# Description

Say you have an array for which the ith element is the price of a given stock on day i.

Design an algorithm to find the maximum profit. You may complete at most two transactions.

Note:
You may not engage in multiple transactions at the same time (ie, you must sell the stock before you buy again).
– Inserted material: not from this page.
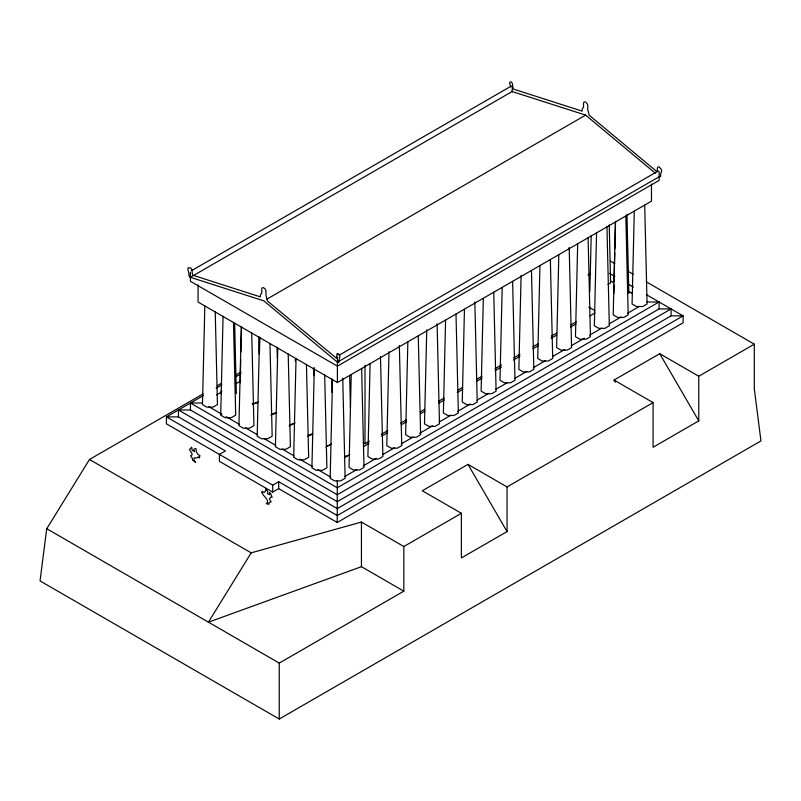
<?xml version="1.0" encoding="UTF-8"?>
<svg xmlns="http://www.w3.org/2000/svg" width="801" height="801" viewBox="0 0 801 801"><rect width="100%" height="100%" fill="white"/><g stroke="black" fill="none" stroke-linecap="round" stroke-linejoin="round"><path stroke-width="1.2" d="M204.836 305.682L202.463 404.605L206.858 407.138L213.066 407.138L217.451 404.605L215.239 311.869M223.068 316.215L220.706 415.138L225.091 417.671L231.299 417.671L235.694 415.138L233.481 322.402M241.311 326.738L238.948 425.661L243.334 428.195L249.542 428.195L253.937 425.661L251.724 332.936M240.701 359.419L240.21 382.808M240.881 351.989L241.501 327.229M259.554 337.271L257.191 436.195L261.577 438.728L267.784 438.728L272.17 436.195L269.957 343.469M259.504 350.998L259.844 337.381M277.797 347.804L275.424 446.728L279.819 449.261L286.027 449.261L290.413 446.728L288.2 353.992M296.04 358.337L293.667 457.261L298.062 459.794L304.27 459.794L308.655 457.261L306.443 364.525M314.312 367.629L311.909 467.794L316.295 470.327L322.503 470.327L326.898 467.794L324.685 375.058M332.515 379.394L330.152 478.317L334.538 480.86L340.745 480.86L345.141 478.317L342.738 378.162M351.238 374.698L349.026 467.424L353.411 469.957L359.619 469.957L364.004 467.424L361.641 368.5M370.102 363.794L367.889 456.53L372.285 459.063L378.493 459.063L382.878 456.53L380.485 356.375M389.006 351.669L386.763 445.636L391.148 448.17L397.356 448.17L401.752 445.636L399.349 345.471M407.849 342.007L405.636 434.743L410.022 437.276L416.23 437.276L420.625 434.743L418.252 335.819M426.753 329.872L424.5 423.849L428.895 426.382L435.103 426.382L439.489 423.849L437.096 323.684M445.586 320.22L443.374 412.956L447.769 415.489L453.977 415.489L458.362 412.956L455.999 314.032M464.46 309.326L462.247 402.052L466.633 404.595L472.84 404.595L477.236 402.052L474.833 301.897M483.333 298.433L481.121 391.158L485.506 393.691L491.714 393.691L496.099 391.158L493.736 292.235M502.197 287.539L499.984 380.265L504.38 382.798L510.587 382.798L514.973 380.265L512.61 281.341M521.101 275.404L518.858 369.371L523.243 371.904L529.451 371.904L533.846 369.371L531.474 270.448M539.944 265.742L537.731 358.478L542.117 361.011L548.325 361.011L552.72 358.478L550.347 259.554M558.818 254.848L556.605 347.584L560.99 350.117L567.198 350.117L571.584 347.584L569.191 247.419M577.681 243.955L575.468 336.69L579.864 339.224L586.072 339.224L590.457 336.69L588.094 237.767M589.826 291.544L591.218 235.824M596.555 233.061L594.342 325.797L598.727 328.33L604.935 328.33L609.331 325.797L606.958 226.873M615.428 222.167L613.216 314.893L617.601 317.426L623.809 317.426L628.194 314.893L625.831 215.97M613.966 284.936L613.846 293.466M614.057 281.221L614.767 252.746M614.858 249.031L615.528 221.787M634.292 211.274L632.079 304L636.475 306.533L642.682 306.533L647.068 304L644.705 205.076M203.134 393.862L89.472 459.484L46.698 528.83L40.05 580.925L279.249 719.028L760.95 440.92L754.302 388.825L754.302 344.18L646.137 281.732M403.834 546.522L361.441 522.052L251.184 552.85L208.41 622.197L361.441 566.687L403.834 591.168L403.834 546.522L461.376 513.301L461.376 557.947L507.053 531.574L507.053 486.928L653.095 402.613L653.095 447.258L698.762 420.885L698.762 376.24L754.302 344.18M190.388 277.296L512.139 91.534M267.144 298.993L585.641 115.114L655.338 173.226M217.201 385.742L221.537 383.238M235.604 375.118L241.021 371.994M203.454 395.524L166.428 416.9L166.428 423.839L220.025 454.788M216.14 388.205L221.877 384.891M235.594 376.971L241.101 373.797M216.55 394.903L221.967 391.779M236.045 383.649L240.38 381.146M252.445 404.625L256.53 402.262M339.103 355.233L657.571 171.364A2.243 1.292 -60 0 1 659.153 172.285L659.153 180.375L337.401 366.137L190.388 281.261L190.388 273.311A2.413 1.392 -60 0 1 190.608 272.19M258.533 401.942L255.899 403.464L252.175 403.464M46.828 528.75L279.249 663.098L403.834 591.168M337.401 362.172L659.413 176.631A1.872 1.081 60 0 0 660.555 176.44A1.872 1.081 60 0 0 660.445 174.818L661.676 171.064L661.316 169.351L658.963 166.758L657.671 167.119L656.94 171.704L589.166 115.184L587.754 109.547L587.754 105.271A3.094 1.792 60 0 0 585.641 102.198A3.094 1.792 60 0 0 583.539 102.838L583.539 107.114L582.117 109.266L582.117 111.119L514.352 89.382L513.171 88.701L512.35 83.394L511.388 82.042L509.977 81.972L509.616 83.284L510.848 86.908M270.818 415.238L274.913 412.875M276.776 412.475L274.142 413.997L271.659 413.997M198.067 284.936L198.067 302.067L337.401 382.508L651.473 201.181L651.473 184.05M219.414 454.397L225.391 450.943L166.428 416.9L178.443 416.9L337.261 508.595L671.098 315.854L683.103 315.854L683.103 322.793L337.261 522.472L278.688 488.65L272.71 492.094L219.414 461.326L219.414 454.397L272.71 485.166L278.688 481.711L337.261 515.534L683.103 315.854L646.347 294.638M289.201 425.852L293.296 423.489M295.018 423.008L292.385 424.53L289.902 424.53M307.584 436.465L312.7 433.511M312.38 434.042L310.628 435.063L308.145 435.063M587.954 274.943L590.587 273.421M325.957 447.078L331.073 444.124M331.504 444.074L328.861 445.586L326.377 445.586M607.959 284.455L610.592 282.943L609.241 224.881M363.203 442.703L365.006 443.744L369.341 441.241M381.266 434.362L387.764 430.608M400.76 423.098L406.187 419.974M420.265 411.844L424.6 409.341M438.688 401.211L444.104 398.077M458.192 389.947L462.527 387.444M476.605 379.314L482.022 376.19M495.028 368.68L501.526 364.926M513.451 358.047L519.949 354.292M532.955 346.783L538.372 343.659M551.368 336.15L556.785 333.026M570.873 324.886L576.289 321.762M344.34 457.691L349.737 454.598M363.404 446.688L368.8 443.564M381.747 436.094L387.143 432.971M401.171 424.87L406.568 421.757M420.605 413.656L424.92 411.163M438.948 403.063L444.345 399.949M457.291 392.47L462.688 389.356M476.725 381.256L482.122 378.142M495.068 370.663L501.546 366.928M513.411 360.07L519.889 356.335M532.845 348.856L538.242 345.742M551.188 338.262L556.585 335.148M570.612 327.048L576.009 323.934M590.037 315.834L595.003 312.971M344.841 476.475L356.755 469.596M363.253 465.842L376.25 458.342M382.758 454.588L394.673 447.709M401.171 443.954L413.086 437.076M419.584 433.321L432.58 425.822M439.088 422.067L451.003 415.188M457.501 411.434L470.497 403.934M476.995 400.18L488.91 393.301M495.408 389.546L507.333 382.668M514.913 378.292L526.828 371.404M533.326 367.659L545.241 360.78M552.83 356.395L564.745 349.516M571.243 345.762L584.239 338.262M589.656 335.138L601.571 328.25M609.16 323.874L621.075 316.996M627.573 313.241L639.488 306.362M659.083 308.926L659.083 301.987L337.261 487.789L190.448 403.033L190.448 409.972L337.261 494.728L659.083 308.926L671.098 308.926L671.098 315.854M671.098 308.926L337.261 501.666L178.443 409.972L178.443 416.9M507.053 486.928L467.994 464.38L422.317 490.753L461.376 513.301M615.268 382.197L614.037 380.064L659.714 353.692L698.762 376.24M647.068 301.987L659.083 301.987M190.448 403.033L202.463 403.033M178.443 409.972L190.448 409.972M344.62 456.119L347.103 456.119M585.641 115.114L511.879 91.454A1.872 1.081 60 0 1 511.418 91.074M610.442 261.126L614.778 263.619M627.754 271.118L633.16 274.232M609.431 273.321L614.828 276.435M627.884 283.975L633.371 287.138M610.402 280.821L613.646 282.683M628.735 291.404L631.969 293.266M588.825 307.103L594.943 310.648M614.037 380.064L653.095 402.613M208.931 406.768L221.877 414.237M226.192 416.73L239.129 424.2M245.597 427.934L257.461 434.783M263.93 438.517L275.794 445.366M282.262 449.101L294.127 455.949M299.514 459.063L312.46 466.532M317.847 469.646L330.783 477.116M89.472 459.484L251.184 552.85M659.714 353.692L698.762 420.885M467.994 464.38L507.053 531.574M626.953 214.358L628.825 293.466M349.647 375.709L350.448 407.909M331.744 378.803L332.085 392.42M313.511 368.27L313.692 375.699M295.299 358.978L295.359 361.451M277.026 347.213L277.306 358.347M258.783 336.68L259.214 354.012M234.663 323.264L236.325 393.712M512.28 91.945L512.28 87.329A2.243 1.292 -60 0 0 510.698 86.408L192.09 270.358A2.413 1.392 -60 0 0 191.87 270.498M365.006 365.276L365.006 443.744M361.441 522.052L361.441 566.687M337.401 382.508L337.401 358.187A2.413 1.392 -60 0 1 337.621 357.076M337.261 480.86L337.261 522.472M279.249 663.098L279.249 719.028M278.688 481.711L278.688 488.65M272.71 485.166L272.71 492.094M221.336 390.127L221.336 393.712M195.444 462.207L192.63 460.235L192.28 458.142L190.598 455.879L192.04 454.938L192.06 453.746L189.447 449.511L191.739 447.188L192.12 450.202L194.573 451.694L193.762 449.161L195.965 448.56L196.265 451.494L198.057 454.608L199.92 455.419L199.359 457.992L198.578 456.78L196.886 457.932L194.042 457.942L194.022 460.375L195.444 462.207M262.027 492.245C261.607 495.218 268.916 498.512 267.494 503.238L266.563 503.058L266.332 503.699L269.006 504.28L269.126 502.487L271.139 501.917L269.376 498.823L270.768 497.161L272.12 497.391L270.578 493.296L269.496 492.555L269.607 494.758L267.474 493.696L267.814 491.754L265.642 488.37L265.762 490.933L263.95 492.535L262.087 491.193L262.027 492.245M337.181 353.792L336.37 358.157L267.414 300.946L266.002 295.309L266.002 291.033A3.094 1.792 60 0 0 263.889 287.959A3.094 1.792 60 0 0 261.777 288.6L261.777 292.876L260.365 295.028L260.365 296.881L192.6 275.144L191.86 269.717L190.578 267.854L188.225 267.734L187.865 269.046L189.086 274.202A1.872 1.081 60 0 0 188.976 275.704A1.872 1.081 60 0 0 190.117 277.216L263.889 300.876L337.662 362.392A1.872 1.081 60 0 0 338.803 362.202A1.872 1.081 60 0 0 338.693 360.58L339.914 356.835L339.564 355.113L338.142 353.551L337.181 353.792"/></g></svg>

The original problem is here.

The original code is here.

# My Solution

I solve this problem in C++, as below:

``````/*
*Best Time to Buy and Sell Stock III
*Author: shuaijiang
*Email: zhaoshuaijiang8@gmail.com
*/
#include<iostream>
#include<vector>
#include<stdlib.h>
using namespace std;

class Solution {
public:
int maxProfit(vector<int>& prices) {
int size = prices.size();
if(size<=0)
return 0;
vector<int> currProfit(size,0);
int maxPro = 0;
int result=0;
int minPrice = prices;
for(int i=1;i<size;i++){
minPrice = min(prices[i-1], minPrice);
if((prices[i]-minPrice) > maxPro)
maxPro = prices[i] - minPrice;
currProfit[i] = maxPro;
}
maxPro = 0;
int maxPrice = prices[size-1];
for(int i=size-2;i>=0;i--){
maxPrice = max(prices[i+1], maxPrice);
if((maxPrice - prices[i]) > maxPro)
maxPro = maxPrice - prices[i];
if(maxPro + currProfit[i] > result)
result = maxPro + currProfit[i];
}
return result;
}
};
``````

# Note

To solve the problem, first traversal the prices from head to tail and keep the maxProfit of the current price to an array. Then, traversal the prices from tail to head, and get the maxProfit from current price to the maxprice.

Finally, get the max profit by add the two part of the profit.